VIII
THE BOMBARDMENT OF LODZ
It took us a long time to get to Lodz, though it is not much more than 200 kilometres away. Russian roads are villainously bad anyhow, and the Germans, though their retreat had been hasty, had had time to destroy the roads and bridges as they went. Another thing that delayed us were the enormous reinforcements of troops going up from Warsaw to the front. It was very interesting to watch the different groups as we passed, first a Cossack regiment going up, then an immense convoy followed with about 200 wagons of forage. Just ahead of that we passed the remounts—sturdy, shaggy Siberian ponies. They are the most delightful creatures in the world, as tame as a dog, and not much bigger, and many of them of a most unusual and beautiful shade of golden cream. They have been brought from Siberia by the thousand, and most of the little had never seen a motor-car before, and pranced and kicked and jumped, and went through all kinds of circus tricks as we passed.
As we grew nearer to Lodz it was sad to see a good many dead horses lying by the roadside, mostly killed by shell-fire. The shells had made great holes in the road too, and the last part of our journey was like a ride on a switchback railway. It began to get dark as we came to Breeziny, where a large number of Russian batteries were stationed. It looked very jolly there, these large camps of men and horses having their supper by the light of a camp-fire, with only the distant rumble of the guns to remind them that they were at war. Two hours later we jolted into the streets of Lodz.
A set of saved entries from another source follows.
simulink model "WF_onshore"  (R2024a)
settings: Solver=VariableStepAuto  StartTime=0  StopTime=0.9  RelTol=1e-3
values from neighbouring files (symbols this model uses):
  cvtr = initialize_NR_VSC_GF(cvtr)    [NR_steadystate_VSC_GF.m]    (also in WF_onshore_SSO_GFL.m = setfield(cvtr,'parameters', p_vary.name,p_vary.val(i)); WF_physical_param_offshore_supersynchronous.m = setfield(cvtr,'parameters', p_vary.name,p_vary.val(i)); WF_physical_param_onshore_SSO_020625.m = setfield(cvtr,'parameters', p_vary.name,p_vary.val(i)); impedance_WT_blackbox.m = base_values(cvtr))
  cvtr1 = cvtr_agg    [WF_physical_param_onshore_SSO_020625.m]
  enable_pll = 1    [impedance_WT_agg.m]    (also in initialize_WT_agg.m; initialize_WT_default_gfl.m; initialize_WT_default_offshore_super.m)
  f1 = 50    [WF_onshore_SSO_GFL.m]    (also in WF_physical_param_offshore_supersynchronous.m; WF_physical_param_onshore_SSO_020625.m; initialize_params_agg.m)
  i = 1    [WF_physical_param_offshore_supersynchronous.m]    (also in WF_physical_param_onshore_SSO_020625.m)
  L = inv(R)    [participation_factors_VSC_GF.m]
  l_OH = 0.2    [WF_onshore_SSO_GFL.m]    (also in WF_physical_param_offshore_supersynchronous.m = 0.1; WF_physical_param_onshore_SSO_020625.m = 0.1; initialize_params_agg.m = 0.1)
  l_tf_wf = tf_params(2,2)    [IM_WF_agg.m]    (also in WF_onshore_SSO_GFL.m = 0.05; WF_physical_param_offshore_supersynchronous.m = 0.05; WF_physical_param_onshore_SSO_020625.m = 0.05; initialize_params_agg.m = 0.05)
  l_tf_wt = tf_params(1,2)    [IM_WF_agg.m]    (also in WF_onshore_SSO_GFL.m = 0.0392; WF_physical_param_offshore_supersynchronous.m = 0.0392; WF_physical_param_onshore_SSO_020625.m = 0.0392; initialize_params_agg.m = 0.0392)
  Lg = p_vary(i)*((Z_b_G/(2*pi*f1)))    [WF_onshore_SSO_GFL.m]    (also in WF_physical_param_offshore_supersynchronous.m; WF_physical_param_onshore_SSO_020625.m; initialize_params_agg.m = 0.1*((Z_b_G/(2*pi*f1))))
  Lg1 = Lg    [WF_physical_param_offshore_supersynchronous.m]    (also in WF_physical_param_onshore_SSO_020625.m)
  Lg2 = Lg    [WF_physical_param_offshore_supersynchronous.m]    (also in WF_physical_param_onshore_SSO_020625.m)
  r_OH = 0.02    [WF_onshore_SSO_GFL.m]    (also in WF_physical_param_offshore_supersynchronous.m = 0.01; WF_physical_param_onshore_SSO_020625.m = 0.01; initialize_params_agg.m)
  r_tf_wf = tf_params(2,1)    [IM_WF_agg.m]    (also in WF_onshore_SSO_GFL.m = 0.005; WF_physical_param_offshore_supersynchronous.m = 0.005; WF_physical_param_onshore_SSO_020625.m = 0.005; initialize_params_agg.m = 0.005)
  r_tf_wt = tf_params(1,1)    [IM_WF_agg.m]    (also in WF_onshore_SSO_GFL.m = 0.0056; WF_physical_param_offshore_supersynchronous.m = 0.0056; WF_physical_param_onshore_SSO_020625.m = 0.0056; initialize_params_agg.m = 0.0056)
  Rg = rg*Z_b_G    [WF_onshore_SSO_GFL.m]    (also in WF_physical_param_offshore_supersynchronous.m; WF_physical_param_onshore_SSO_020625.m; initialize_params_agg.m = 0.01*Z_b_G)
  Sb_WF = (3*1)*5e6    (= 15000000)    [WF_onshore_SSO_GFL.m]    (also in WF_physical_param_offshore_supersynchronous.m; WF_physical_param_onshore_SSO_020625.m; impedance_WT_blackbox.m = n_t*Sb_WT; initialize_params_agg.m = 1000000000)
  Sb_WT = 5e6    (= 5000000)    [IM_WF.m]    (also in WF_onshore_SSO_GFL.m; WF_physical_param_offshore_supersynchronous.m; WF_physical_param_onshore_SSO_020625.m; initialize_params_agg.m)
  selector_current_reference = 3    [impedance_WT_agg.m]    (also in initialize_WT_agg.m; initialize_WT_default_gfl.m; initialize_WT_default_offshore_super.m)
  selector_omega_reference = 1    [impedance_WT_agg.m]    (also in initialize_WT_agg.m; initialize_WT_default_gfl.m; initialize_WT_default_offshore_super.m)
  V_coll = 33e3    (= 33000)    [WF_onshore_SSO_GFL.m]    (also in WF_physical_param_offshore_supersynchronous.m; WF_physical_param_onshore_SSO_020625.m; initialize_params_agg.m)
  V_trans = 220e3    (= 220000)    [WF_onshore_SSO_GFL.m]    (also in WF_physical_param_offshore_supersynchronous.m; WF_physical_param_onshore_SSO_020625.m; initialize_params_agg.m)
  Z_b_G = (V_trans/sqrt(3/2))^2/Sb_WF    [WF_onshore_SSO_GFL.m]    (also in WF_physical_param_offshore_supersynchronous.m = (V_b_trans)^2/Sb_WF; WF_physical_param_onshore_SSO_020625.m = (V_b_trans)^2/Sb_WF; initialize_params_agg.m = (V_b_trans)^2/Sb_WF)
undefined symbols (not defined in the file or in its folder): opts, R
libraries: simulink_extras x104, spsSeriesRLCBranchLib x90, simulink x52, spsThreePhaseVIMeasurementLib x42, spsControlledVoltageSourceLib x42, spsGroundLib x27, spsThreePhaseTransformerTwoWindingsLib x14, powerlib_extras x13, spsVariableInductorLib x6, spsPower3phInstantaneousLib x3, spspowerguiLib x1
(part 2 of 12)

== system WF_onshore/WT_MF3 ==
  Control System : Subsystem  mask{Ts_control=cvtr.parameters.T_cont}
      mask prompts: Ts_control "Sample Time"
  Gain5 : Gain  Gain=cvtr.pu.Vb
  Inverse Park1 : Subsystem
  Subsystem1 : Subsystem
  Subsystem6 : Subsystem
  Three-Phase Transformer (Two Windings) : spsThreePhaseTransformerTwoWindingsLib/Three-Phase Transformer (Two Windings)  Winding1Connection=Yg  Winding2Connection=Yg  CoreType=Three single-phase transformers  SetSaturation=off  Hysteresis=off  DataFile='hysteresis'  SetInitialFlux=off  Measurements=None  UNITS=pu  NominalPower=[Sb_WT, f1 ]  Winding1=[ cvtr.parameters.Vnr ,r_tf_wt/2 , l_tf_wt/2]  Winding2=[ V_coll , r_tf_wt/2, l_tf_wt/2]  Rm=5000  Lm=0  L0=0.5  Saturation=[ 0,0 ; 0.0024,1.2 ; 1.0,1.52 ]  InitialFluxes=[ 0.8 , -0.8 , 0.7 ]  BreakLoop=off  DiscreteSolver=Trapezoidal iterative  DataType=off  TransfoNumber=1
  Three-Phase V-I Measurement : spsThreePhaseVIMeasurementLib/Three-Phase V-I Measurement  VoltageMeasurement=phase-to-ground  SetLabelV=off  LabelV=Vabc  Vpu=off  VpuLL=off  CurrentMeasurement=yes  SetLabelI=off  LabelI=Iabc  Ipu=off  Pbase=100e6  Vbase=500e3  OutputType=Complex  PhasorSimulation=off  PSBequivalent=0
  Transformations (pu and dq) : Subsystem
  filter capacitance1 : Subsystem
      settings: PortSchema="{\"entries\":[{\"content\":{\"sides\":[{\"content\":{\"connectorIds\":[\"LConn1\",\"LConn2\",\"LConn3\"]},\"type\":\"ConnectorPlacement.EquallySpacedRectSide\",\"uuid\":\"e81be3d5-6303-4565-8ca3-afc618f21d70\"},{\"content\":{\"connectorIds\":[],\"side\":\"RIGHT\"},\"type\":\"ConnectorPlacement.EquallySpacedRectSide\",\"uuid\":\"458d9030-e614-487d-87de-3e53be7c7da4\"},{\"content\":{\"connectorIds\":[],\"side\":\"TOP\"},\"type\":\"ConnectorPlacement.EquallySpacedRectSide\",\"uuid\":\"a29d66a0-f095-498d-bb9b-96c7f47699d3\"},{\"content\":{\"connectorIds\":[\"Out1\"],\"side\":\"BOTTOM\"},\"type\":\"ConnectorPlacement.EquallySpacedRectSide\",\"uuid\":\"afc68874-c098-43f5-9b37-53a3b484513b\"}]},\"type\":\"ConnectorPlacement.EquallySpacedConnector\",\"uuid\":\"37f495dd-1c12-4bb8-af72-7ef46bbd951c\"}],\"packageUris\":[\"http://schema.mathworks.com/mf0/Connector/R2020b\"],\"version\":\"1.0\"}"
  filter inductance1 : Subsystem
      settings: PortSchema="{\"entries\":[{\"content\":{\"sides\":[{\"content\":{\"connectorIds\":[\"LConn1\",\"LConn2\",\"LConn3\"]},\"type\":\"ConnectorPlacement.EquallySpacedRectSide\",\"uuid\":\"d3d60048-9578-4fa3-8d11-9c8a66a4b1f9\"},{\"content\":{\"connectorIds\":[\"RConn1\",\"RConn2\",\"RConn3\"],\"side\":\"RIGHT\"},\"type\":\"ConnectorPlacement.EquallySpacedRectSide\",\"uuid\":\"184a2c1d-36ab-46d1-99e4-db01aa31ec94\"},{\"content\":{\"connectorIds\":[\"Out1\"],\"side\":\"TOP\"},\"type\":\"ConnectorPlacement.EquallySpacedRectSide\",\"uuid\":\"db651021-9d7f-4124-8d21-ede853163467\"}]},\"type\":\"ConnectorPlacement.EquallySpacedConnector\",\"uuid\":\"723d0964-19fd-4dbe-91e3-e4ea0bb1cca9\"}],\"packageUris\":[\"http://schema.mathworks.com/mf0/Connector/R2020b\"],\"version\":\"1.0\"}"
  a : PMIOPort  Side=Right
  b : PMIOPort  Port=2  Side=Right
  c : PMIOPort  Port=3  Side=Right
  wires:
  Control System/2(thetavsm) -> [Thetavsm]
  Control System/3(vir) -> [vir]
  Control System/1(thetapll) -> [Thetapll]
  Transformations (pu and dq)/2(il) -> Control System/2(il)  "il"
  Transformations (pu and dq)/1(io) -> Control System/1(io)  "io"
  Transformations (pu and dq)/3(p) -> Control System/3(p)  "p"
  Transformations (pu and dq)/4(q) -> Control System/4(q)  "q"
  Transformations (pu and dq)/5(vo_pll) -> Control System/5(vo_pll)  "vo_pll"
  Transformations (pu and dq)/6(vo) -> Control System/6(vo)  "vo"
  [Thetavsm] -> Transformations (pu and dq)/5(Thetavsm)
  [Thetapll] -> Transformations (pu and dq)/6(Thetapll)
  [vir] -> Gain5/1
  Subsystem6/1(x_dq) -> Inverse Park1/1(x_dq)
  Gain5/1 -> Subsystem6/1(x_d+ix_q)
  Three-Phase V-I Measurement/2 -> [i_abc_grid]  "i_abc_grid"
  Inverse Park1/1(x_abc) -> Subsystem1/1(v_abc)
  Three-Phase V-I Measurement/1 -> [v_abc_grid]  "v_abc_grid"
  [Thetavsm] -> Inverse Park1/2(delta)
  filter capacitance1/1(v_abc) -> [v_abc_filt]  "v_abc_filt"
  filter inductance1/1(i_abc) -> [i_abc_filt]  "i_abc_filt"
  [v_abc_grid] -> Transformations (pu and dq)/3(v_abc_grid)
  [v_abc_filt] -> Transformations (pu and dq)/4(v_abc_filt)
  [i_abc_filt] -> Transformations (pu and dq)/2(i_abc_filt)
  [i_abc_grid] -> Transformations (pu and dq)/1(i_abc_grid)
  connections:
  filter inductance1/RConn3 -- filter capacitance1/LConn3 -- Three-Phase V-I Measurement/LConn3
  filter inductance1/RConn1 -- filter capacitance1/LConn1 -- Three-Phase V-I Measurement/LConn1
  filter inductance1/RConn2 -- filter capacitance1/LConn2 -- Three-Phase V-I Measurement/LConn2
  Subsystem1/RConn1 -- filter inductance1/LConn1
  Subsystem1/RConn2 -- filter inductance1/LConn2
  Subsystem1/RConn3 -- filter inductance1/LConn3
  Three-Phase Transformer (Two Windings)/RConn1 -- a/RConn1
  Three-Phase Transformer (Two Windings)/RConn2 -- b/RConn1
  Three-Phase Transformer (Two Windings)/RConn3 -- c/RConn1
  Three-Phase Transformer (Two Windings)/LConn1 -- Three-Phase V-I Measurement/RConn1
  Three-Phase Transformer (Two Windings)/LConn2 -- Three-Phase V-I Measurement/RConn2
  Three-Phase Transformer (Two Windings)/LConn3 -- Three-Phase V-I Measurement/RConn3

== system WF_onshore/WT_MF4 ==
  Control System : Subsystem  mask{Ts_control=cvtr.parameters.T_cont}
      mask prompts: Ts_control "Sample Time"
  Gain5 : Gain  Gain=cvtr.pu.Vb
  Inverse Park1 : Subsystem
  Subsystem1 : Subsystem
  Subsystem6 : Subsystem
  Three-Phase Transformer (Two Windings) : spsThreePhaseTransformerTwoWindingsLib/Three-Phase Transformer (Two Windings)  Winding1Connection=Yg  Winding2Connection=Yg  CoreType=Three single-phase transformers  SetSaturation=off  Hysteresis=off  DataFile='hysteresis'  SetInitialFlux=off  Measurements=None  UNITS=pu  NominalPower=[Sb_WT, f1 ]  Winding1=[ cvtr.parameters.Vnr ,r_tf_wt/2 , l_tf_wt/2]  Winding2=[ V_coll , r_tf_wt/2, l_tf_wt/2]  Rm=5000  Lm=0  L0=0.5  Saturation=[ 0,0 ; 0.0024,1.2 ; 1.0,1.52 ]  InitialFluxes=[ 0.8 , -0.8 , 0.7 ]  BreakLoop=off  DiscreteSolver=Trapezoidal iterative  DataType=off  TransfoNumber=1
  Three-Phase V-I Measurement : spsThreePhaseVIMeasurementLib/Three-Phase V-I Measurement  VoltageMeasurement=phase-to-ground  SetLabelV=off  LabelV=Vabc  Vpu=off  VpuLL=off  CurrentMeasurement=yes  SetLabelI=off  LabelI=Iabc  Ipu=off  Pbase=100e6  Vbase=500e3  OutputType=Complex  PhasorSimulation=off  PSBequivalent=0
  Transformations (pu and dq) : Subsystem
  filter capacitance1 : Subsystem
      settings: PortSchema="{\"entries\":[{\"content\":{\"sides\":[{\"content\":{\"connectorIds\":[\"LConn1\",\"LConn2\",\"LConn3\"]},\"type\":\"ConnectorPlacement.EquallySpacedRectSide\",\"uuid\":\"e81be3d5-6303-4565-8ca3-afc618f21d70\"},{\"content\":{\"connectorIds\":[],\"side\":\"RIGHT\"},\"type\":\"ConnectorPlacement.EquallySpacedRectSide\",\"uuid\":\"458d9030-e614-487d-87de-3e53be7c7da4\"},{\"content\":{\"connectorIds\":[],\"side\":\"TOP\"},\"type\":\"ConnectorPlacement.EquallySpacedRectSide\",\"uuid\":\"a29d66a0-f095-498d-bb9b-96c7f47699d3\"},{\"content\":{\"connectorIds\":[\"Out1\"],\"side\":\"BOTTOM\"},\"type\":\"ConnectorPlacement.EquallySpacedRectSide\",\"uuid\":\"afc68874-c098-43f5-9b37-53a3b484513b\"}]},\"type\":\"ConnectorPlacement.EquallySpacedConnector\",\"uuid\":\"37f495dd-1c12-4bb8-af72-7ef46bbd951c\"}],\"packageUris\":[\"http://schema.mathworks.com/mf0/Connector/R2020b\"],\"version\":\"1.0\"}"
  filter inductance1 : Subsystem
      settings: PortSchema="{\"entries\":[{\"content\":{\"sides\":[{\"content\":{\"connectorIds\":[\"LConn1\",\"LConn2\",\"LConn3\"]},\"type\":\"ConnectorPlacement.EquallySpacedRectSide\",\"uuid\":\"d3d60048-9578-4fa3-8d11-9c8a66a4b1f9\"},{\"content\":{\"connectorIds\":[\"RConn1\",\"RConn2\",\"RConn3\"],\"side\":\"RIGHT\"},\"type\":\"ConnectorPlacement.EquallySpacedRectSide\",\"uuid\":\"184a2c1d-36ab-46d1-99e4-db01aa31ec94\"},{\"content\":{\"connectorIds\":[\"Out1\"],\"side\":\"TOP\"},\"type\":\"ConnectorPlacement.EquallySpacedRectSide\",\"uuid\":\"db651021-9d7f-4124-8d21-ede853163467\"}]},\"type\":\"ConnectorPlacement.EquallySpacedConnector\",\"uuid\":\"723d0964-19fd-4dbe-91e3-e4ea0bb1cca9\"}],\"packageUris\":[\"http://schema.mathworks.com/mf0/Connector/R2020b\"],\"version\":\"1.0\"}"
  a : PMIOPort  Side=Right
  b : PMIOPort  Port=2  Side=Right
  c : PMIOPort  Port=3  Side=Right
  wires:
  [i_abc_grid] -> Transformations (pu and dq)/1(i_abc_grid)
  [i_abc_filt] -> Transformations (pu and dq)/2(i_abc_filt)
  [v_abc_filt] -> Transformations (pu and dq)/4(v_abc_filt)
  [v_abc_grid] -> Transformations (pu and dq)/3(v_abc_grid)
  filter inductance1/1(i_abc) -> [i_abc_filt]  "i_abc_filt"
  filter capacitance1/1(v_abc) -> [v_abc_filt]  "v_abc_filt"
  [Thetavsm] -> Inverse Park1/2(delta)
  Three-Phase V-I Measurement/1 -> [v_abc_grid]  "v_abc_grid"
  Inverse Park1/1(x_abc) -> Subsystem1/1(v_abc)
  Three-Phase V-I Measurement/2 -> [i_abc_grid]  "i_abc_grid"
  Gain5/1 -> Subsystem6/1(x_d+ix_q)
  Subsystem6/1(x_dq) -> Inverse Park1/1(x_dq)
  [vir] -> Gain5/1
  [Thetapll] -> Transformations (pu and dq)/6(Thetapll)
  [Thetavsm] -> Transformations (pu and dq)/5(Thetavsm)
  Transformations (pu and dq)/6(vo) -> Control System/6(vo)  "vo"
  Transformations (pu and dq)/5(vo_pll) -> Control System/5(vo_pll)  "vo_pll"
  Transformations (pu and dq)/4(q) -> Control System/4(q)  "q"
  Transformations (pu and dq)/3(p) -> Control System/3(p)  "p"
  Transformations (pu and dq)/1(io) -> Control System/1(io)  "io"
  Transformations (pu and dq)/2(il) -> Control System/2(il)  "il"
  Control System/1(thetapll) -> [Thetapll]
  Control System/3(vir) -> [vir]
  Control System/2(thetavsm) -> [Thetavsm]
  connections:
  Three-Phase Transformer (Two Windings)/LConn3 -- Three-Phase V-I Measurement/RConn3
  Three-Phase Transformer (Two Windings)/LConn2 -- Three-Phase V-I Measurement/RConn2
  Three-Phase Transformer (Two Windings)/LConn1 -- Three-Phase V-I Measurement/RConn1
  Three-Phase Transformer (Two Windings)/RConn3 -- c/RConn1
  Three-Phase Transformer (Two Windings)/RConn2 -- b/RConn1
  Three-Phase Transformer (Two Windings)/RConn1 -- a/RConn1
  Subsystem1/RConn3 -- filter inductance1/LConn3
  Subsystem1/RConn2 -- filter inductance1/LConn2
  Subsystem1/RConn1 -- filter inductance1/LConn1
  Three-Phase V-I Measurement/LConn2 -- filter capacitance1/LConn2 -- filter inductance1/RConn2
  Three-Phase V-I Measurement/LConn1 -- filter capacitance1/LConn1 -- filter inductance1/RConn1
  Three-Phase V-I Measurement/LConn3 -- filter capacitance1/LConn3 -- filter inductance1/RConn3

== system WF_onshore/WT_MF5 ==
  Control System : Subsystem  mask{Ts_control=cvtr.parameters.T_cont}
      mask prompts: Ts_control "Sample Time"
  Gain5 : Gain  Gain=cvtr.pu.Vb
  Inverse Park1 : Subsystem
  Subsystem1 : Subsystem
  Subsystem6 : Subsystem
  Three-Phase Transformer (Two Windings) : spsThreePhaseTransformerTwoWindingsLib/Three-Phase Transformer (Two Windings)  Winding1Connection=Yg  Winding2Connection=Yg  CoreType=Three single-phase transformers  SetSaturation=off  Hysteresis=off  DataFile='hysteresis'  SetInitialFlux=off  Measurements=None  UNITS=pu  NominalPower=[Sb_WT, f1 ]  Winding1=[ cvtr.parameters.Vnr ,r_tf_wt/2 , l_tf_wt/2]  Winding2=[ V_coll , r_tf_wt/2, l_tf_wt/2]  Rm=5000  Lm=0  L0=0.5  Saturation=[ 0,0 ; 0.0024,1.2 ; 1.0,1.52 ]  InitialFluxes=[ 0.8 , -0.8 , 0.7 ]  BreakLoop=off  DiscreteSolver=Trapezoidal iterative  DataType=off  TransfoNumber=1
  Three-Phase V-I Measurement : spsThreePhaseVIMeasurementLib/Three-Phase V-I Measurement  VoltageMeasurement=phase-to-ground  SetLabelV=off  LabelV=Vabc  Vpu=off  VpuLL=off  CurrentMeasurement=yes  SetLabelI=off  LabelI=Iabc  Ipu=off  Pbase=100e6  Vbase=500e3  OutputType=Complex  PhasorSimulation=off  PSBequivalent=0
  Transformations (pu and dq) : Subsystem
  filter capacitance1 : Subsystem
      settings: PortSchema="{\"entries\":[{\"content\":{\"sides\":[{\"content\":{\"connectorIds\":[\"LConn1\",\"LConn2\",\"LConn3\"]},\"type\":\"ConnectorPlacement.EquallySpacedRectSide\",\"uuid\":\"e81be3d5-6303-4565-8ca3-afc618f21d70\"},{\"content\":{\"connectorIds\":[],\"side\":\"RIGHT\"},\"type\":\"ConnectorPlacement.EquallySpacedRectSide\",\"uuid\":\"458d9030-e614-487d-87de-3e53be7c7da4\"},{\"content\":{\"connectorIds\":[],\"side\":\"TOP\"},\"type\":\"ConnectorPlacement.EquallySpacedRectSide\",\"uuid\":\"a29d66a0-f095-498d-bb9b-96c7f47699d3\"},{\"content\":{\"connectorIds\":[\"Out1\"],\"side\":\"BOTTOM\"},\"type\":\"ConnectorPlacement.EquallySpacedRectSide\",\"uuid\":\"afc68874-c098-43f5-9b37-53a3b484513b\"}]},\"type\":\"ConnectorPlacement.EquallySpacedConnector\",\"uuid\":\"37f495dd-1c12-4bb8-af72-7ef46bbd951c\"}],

Lodz is a large cotton manufacturing town—sometimes called the Manchester of Poland—but now of course all the factories were closed, and many destroyed by shell. I should not think it was a very festive place at the best of times; it looked squalid and grimy, and the large bulk of its population was made up of the most abject Jews I have ever seen.
We had to make a long detour and get into the town by an unfrequented country road, as Lodz was being heavily bombarded by the German guns. We were put down at a large building which we were told was the military hospital. Princess V., Colonel S., and a Russian student were working hard in the operating-room, and we hastily put on clean overalls and joined them. They all looked absolutely worn out, and the doctor dropped asleep between each case; but fresh wounded were being brought in every minute and there was no one else to help. Lodz was one big hospital. We heard that there were more than 18,000 wounded there, and I can well believe it. Every building of any size had been turned into a hospital, and almost all the supplies of every kind had given out.